Dataset records Block Start
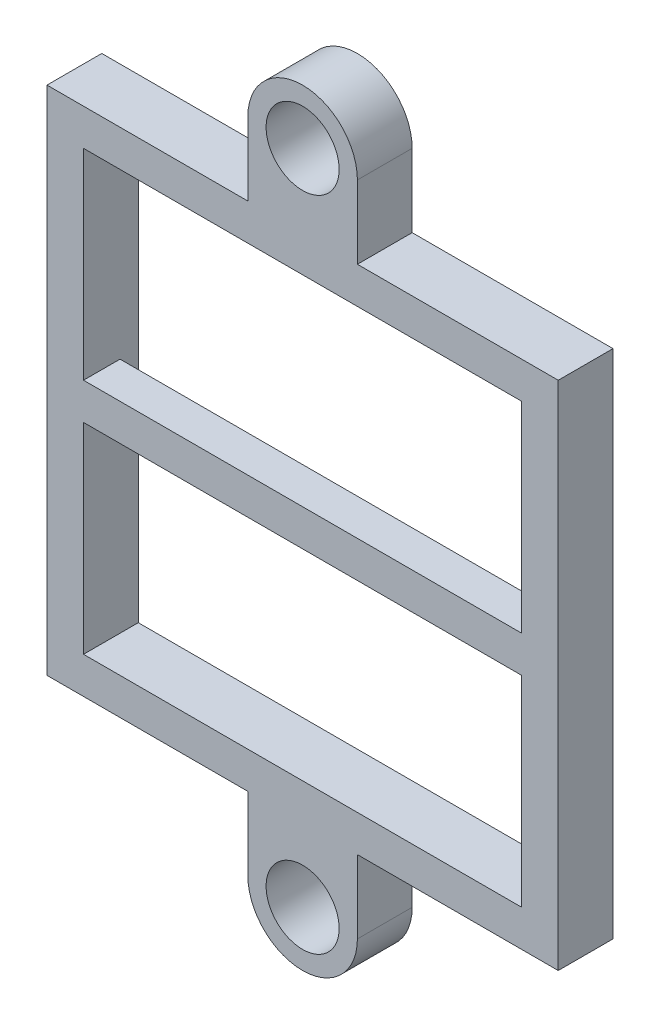
ISO-10303-21;
HEADER;
FILE_DESCRIPTION(('STEP AP214'),'2;1');
FILE_NAME('part.step','',(''),(''),'','','');
FILE_SCHEMA(('AUTOMOTIVE_DESIGN { 1 0 10303 214 1 1 1 1 }'));
ENDSEC;
DATA;
#1=APPLICATION_CONTEXT('core data for automotive mechanical design processes');
#2=APPLICATION_PROTOCOL_DEFINITION('international standard','automotive_design',2000,#1);
#3=PRODUCT_CONTEXT('',#1,'mechanical');
#4=PRODUCT('Part','Part','',(#3));
#5=PRODUCT_RELATED_PRODUCT_CATEGORY('part','',(#4));
#6=PRODUCT_DEFINITION_FORMATION('','',#4);
#7=PRODUCT_DEFINITION_CONTEXT('part definition',#1,'design');
#8=PRODUCT_DEFINITION('design','',#6,#7);
#9=PRODUCT_DEFINITION_SHAPE('','',#8);
#10=(LENGTH_UNIT() NAMED_UNIT(*) SI_UNIT(.MILLI.,.METRE.));
#11=(NAMED_UNIT(*) PLANE_ANGLE_UNIT() SI_UNIT($,.RADIAN.));
#12=(NAMED_UNIT(*) SI_UNIT($,.STERADIAN.) SOLID_ANGLE_UNIT());
#13=UNCERTAINTY_MEASURE_WITH_UNIT(LENGTH_MEASURE(1.E-05),#10,'distance_accuracy_value','');
#14=(GEOMETRIC_REPRESENTATION_CONTEXT(3) GLOBAL_UNCERTAINTY_ASSIGNED_CONTEXT((#13)) GLOBAL_UNIT_ASSIGNED_CONTEXT((#10,
#11,#12)) REPRESENTATION_CONTEXT('',''));
#15=CARTESIAN_POINT('',(0.,0.,0.));
#16=DIRECTION('',(0.,0.,1.));
#17=DIRECTION('',(1.,0.,0.));
#18=AXIS2_PLACEMENT_3D('',#15,#16,#17);
#19=CARTESIAN_POINT('',(-1.5,10.5,0.));
#20=DIRECTION('',(-1.,0.,0.));
#21=DIRECTION('',(0.,0.,1.));
#22=AXIS2_PLACEMENT_3D('',#19,#20,#21);
#23=PLANE('',#22);
#24=DIRECTION('',(0.,-1.,0.));
#25=VECTOR('',#24,1.);
#26=CARTESIAN_POINT('',(-1.5,10.5,1.5));
#27=LINE('',#26,#25);
#28=CARTESIAN_POINT('',(-1.5,9.,1.5));
#29=VERTEX_POINT('',#28);
#30=CARTESIAN_POINT('',(-1.5,7.,1.5));
#31=VERTEX_POINT('',#30);
#32=EDGE_CURVE('E262',#29,#31,#27,.T.);
#33=ORIENTED_EDGE('',*,*,#32,.F.);
#34=DIRECTION('',(0.,0.,1.));
#35=VECTOR('',#34,1.);
#36=CARTESIAN_POINT('',(-1.5,9.,-2.5));
#37=LINE('',#36,#35);
#38=CARTESIAN_POINT('',(-1.5,9.,0.));
#39=VERTEX_POINT('',#38);
#40=EDGE_CURVE('E250',#39,#29,#37,.T.);
#41=ORIENTED_EDGE('',*,*,#40,.F.);
#42=DIRECTION('',(0.,-1.,0.));
#43=VECTOR('',#42,1.);
#44=CARTESIAN_POINT('',(-1.5,10.5,0.));
#45=LINE('',#44,#43);
#46=CARTESIAN_POINT('',(-1.5,7.,0.));
#47=VERTEX_POINT('',#46);
#48=EDGE_CURVE('E264',#39,#47,#45,.T.);
#49=ORIENTED_EDGE('',*,*,#48,.T.);
#50=DIRECTION('',(0.,0.,-1.));
#51=VECTOR('',#50,1.);
#52=CARTESIAN_POINT('',(-1.5,7.,0.));
#53=LINE('',#52,#51);
#54=EDGE_CURVE('E257',#31,#47,#53,.T.);
#55=ORIENTED_EDGE('',*,*,#54,.F.);
#56=EDGE_LOOP('',(#33,#41,#49,#55));
#57=FACE_BOUND('',#56,.T.);
#58=ADVANCED_FACE('F71',(#57),#23,.T.);
#59=CARTESIAN_POINT('',(-7.,7.,1.5));
#60=DIRECTION('',(0.,-1.,0.));
#61=DIRECTION('',(1.,0.,0.));
#62=AXIS2_PLACEMENT_3D('',#59,#60,#61);
#63=PLANE('',#62);
#64=DIRECTION('',(-1.,0.,0.));
#65=VECTOR('',#64,1.);
#66=CARTESIAN_POINT('',(-7.,7.,0.));
#67=LINE('',#66,#65);
#68=CARTESIAN_POINT('',(7.,7.,0.));
#69=VERTEX_POINT('',#68);
#70=CARTESIAN_POINT('',(1.5,7.,0.));
#71=VERTEX_POINT('',#70);
#72=EDGE_CURVE('E326',#69,#71,#67,.T.);
#73=ORIENTED_EDGE('',*,*,#72,.T.);
#74=DIRECTION('',(0.,0.,1.));
#75=VECTOR('',#74,1.);
#76=CARTESIAN_POINT('',(1.5,7.,0.));
#77=LINE('',#76,#75);
#78=CARTESIAN_POINT('',(1.5,7.,1.5));
#79=VERTEX_POINT('',#78);
#80=EDGE_CURVE('E254',#71,#79,#77,.T.);
#81=ORIENTED_EDGE('',*,*,#80,.T.);
#82=DIRECTION('',(-1.,0.,0.));
#83=VECTOR('',#82,1.);
#84=CARTESIAN_POINT('',(-7.,7.,1.5));
#85=LINE('',#84,#83);
#86=CARTESIAN_POINT('',(7.,7.,1.5));
#87=VERTEX_POINT('',#86);
#88=EDGE_CURVE('E333',#87,#79,#85,.T.);
#89=ORIENTED_EDGE('',*,*,#88,.F.);
#90=DIRECTION('',(0.,0.,-1.));
#91=VECTOR('',#90,1.);
#92=CARTESIAN_POINT('',(7.,7.,1.5));
#93=LINE('',#92,#91);
#94=EDGE_CURVE('E350',#87,#69,#93,.T.);
#95=ORIENTED_EDGE('',*,*,#94,.T.);
#96=EDGE_LOOP('',(#73,#81,#89,#95));
#97=FACE_BOUND('',#96,.T.);
#98=ADVANCED_FACE('F405',(#97),#63,.F.);
#99=CARTESIAN_POINT('',(0.,0.,1.5));
#100=DIRECTION('',(0.,0.,-1.));
#101=DIRECTION('',(-1.,0.,0.));
#102=AXIS2_PLACEMENT_3D('',#99,#100,#101);
#103=PLANE('',#102);
#104=DIRECTION('',(0.,1.,0.));
#105=VECTOR('',#104,1.);
#106=CARTESIAN_POINT('',(6.,-6.,1.5));
#107=LINE('',#106,#105);
#108=CARTESIAN_POINT('',(6.,0.5,1.5));
#109=VERTEX_POINT('',#108);
#110=CARTESIAN_POINT('',(6.,6.,1.5));
#111=VERTEX_POINT('',#110);
#112=EDGE_CURVE('E297',#109,#111,#107,.T.);
#113=ORIENTED_EDGE('',*,*,#112,.F.);
#114=DIRECTION('',(-1.,0.,0.));
#115=VECTOR('',#114,1.);
#116=CARTESIAN_POINT('',(6.,0.5,1.5));
#117=LINE('',#116,#115);
#118=CARTESIAN_POINT('',(-6.,0.5,1.5));
#119=VERTEX_POINT('',#118);
#120=EDGE_CURVE('E232',#109,#119,#117,.T.);
#121=ORIENTED_EDGE('',*,*,#120,.T.);
#122=DIRECTION('',(0.,-1.,0.));
#123=VECTOR('',#122,1.);
#124=CARTESIAN_POINT('',(-6.,-6.,1.5));
#125=LINE('',#124,#123);
#126=CARTESIAN_POINT('',(-6.,6.,1.5));
#127=VERTEX_POINT('',#126);
#128=EDGE_CURVE('E218',#127,#119,#125,.T.);
#129=ORIENTED_EDGE('',*,*,#128,.F.);
#130=DIRECTION('',(-1.,0.,0.));
#131=VECTOR('',#130,1.);
#132=CARTESIAN_POINT('',(-6.,6.,1.5));
#133=LINE('',#132,#131);
#134=EDGE_CURVE('E219',#111,#127,#133,.T.);
#135=ORIENTED_EDGE('',*,*,#134,.F.);
#136=EDGE_LOOP('',(#113,#121,#129,#135));
#137=FACE_BOUND('',#136,.T.);
#138=CARTESIAN_POINT('',(0.,9.,1.5));
#139=DIRECTION('',(0.,0.,-1.));
#140=DIRECTION('',(1.,0.,0.));
#141=AXIS2_PLACEMENT_3D('',#138,#139,#140);
#142=CIRCLE('',#141,1.);
#143=CARTESIAN_POINT('',(1.,9.,1.5));
#144=VERTEX_POINT('',#143);
#145=EDGE_CURVE('E242',#144,#144,#142,.T.);
#146=ORIENTED_EDGE('',*,*,#145,.T.);
#147=EDGE_LOOP('',(#146));
#148=FACE_BOUND('',#147,.T.);
#149=CARTESIAN_POINT('',(0.,-9.,1.5));
#150=DIRECTION('',(0.,0.,1.));
#151=DIRECTION('',(1.,0.,0.));
#152=AXIS2_PLACEMENT_3D('',#149,#150,#151);
#153=CIRCLE('',#152,1.);
#154=CARTESIAN_POINT('',(1.,-9.,1.5));
#155=VERTEX_POINT('',#154);
#156=EDGE_CURVE('E268',#155,#155,#153,.T.);
#157=ORIENTED_EDGE('',*,*,#156,.F.);
#158=EDGE_LOOP('',(#157));
#159=FACE_BOUND('',#158,.T.);
#160=CARTESIAN_POINT('',(6.,-6.,1.5));
#161=VERTEX_POINT('',#160);
#162=CARTESIAN_POINT('',(6.,-0.5,1.5));
#163=VERTEX_POINT('',#162);
#164=EDGE_CURVE('E295',#161,#163,#107,.T.);
#165=ORIENTED_EDGE('',*,*,#164,.F.);
#166=DIRECTION('',(1.,0.,0.));
#167=VECTOR('',#166,1.);
#168=CARTESIAN_POINT('',(-6.,-6.,1.5));
#169=LINE('',#168,#167);
#170=CARTESIAN_POINT('',(-6.,-6.,1.5));
#171=VERTEX_POINT('',#170);
#172=EDGE_CURVE('E215',#171,#161,#169,.T.);
#173=ORIENTED_EDGE('',*,*,#172,.F.);
#174=CARTESIAN_POINT('',(-6.,-0.5,1.5));
#175=VERTEX_POINT('',#174);
#176=EDGE_CURVE('E208',#175,#171,#125,.T.);
#177=ORIENTED_EDGE('',*,*,#176,.F.);
#178=DIRECTION('',(1.,0.,0.));
#179=VECTOR('',#178,1.);
#180=CARTESIAN_POINT('',(6.,-0.5,1.5));
#181=LINE('',#180,#179);
#182=EDGE_CURVE('E214',#175,#163,#181,.T.);
#183=ORIENTED_EDGE('',*,*,#182,.T.);
#184=EDGE_LOOP('',(#165,#173,#177,#183));
#185=FACE_BOUND('',#184,.T.);
#186=DIRECTION('',(0.,-1.,0.));
#187=VECTOR('',#186,1.);
#188=CARTESIAN_POINT('',(1.5,10.5,1.5));
#189=LINE('',#188,#187);
#190=CARTESIAN_POINT('',(1.5,9.,1.5));
#191=VERTEX_POINT('',#190);
#192=EDGE_CURVE('E260',#191,#79,#189,.T.);
#193=ORIENTED_EDGE('',*,*,#192,.F.);
#194=CARTESIAN_POINT('',(0.,9.,1.5));
#195=DIRECTION('',(0.,0.,-1.));
#196=DIRECTION('',(1.,0.,0.));
#197=AXIS2_PLACEMENT_3D('',#194,#195,#196);
#198=CIRCLE('',#197,1.5);
#199=EDGE_CURVE('E248',#29,#191,#198,.T.);
#200=ORIENTED_EDGE('',*,*,#199,.F.);
#201=ORIENTED_EDGE('',*,*,#32,.T.);
#202=CARTESIAN_POINT('',(-7.,7.,1.5));
#203=VERTEX_POINT('',#202);
#204=EDGE_CURVE('E332',#31,#203,#85,.T.);
#205=ORIENTED_EDGE('',*,*,#204,.T.);
#206=DIRECTION('',(0.,-1.,0.));
#207=VECTOR('',#206,1.);
#208=CARTESIAN_POINT('',(-7.,-7.,1.5));
#209=LINE('',#208,#207);
#210=CARTESIAN_POINT('',(-7.,-7.,1.5));
#211=VERTEX_POINT('',#210);
#212=EDGE_CURVE('E322',#203,#211,#209,.T.);
#213=ORIENTED_EDGE('',*,*,#212,.T.);
#214=DIRECTION('',(1.,0.,0.));
#215=VECTOR('',#214,1.);
#216=CARTESIAN_POINT('',(-7.,-7.,1.5));
#217=LINE('',#216,#215);
#218=CARTESIAN_POINT('',(-1.5,-7.,1.5));
#219=VERTEX_POINT('',#218);
#220=EDGE_CURVE('E327',#211,#219,#217,.T.);
#221=ORIENTED_EDGE('',*,*,#220,.T.);
#222=DIRECTION('',(0.,1.,0.));
#223=VECTOR('',#222,1.);
#224=CARTESIAN_POINT('',(-1.5,-10.5,1.5));
#225=LINE('',#224,#223);
#226=CARTESIAN_POINT('',(-1.5,-9.,1.5));
#227=VERTEX_POINT('',#226);
#228=EDGE_CURVE('E290',#227,#219,#225,.T.);
#229=ORIENTED_EDGE('',*,*,#228,.F.);
#230=CARTESIAN_POINT('',(0.,-9.,1.5));
#231=DIRECTION('',(0.,0.,1.));
#232=DIRECTION('',(1.,0.,0.));
#233=AXIS2_PLACEMENT_3D('',#230,#231,#232);
#234=CIRCLE('',#233,1.5);
#235=CARTESIAN_POINT('',(1.5,-9.,1.5));
#236=VERTEX_POINT('',#235);
#237=EDGE_CURVE('E272',#227,#236,#234,.T.);
#238=ORIENTED_EDGE('',*,*,#237,.T.);
#239=DIRECTION('',(0.,1.,0.));
#240=VECTOR('',#239,1.);
#241=CARTESIAN_POINT('',(1.5,-10.5,1.5));
#242=LINE('',#241,#240);
#243=CARTESIAN_POINT('',(1.5,-7.,1.5));
#244=VERTEX_POINT('',#243);
#245=EDGE_CURVE('E292',#236,#244,#242,.T.);
#246=ORIENTED_EDGE('',*,*,#245,.T.);
#247=CARTESIAN_POINT('',(7.,-7.,1.5));
#248=VERTEX_POINT('',#247);
#249=EDGE_CURVE('E325',#244,#248,#217,.T.);
#250=ORIENTED_EDGE('',*,*,#249,.T.);
#251=DIRECTION('',(0.,1.,0.));
#252=VECTOR('',#251,1.);
#253=CARTESIAN_POINT('',(7.,-7.,1.5));
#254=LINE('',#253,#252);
Dataset records Block End
> What you need to do
Please copy out each line of the data in which the word "CIRCLE" occurs.

> Result for this exercise
#142=CIRCLE('',#141,1.);
#153=CIRCLE('',#152,1.);
#198=CIRCLE('',#197,1.5);
#234=CIRCLE('',#233,1.5);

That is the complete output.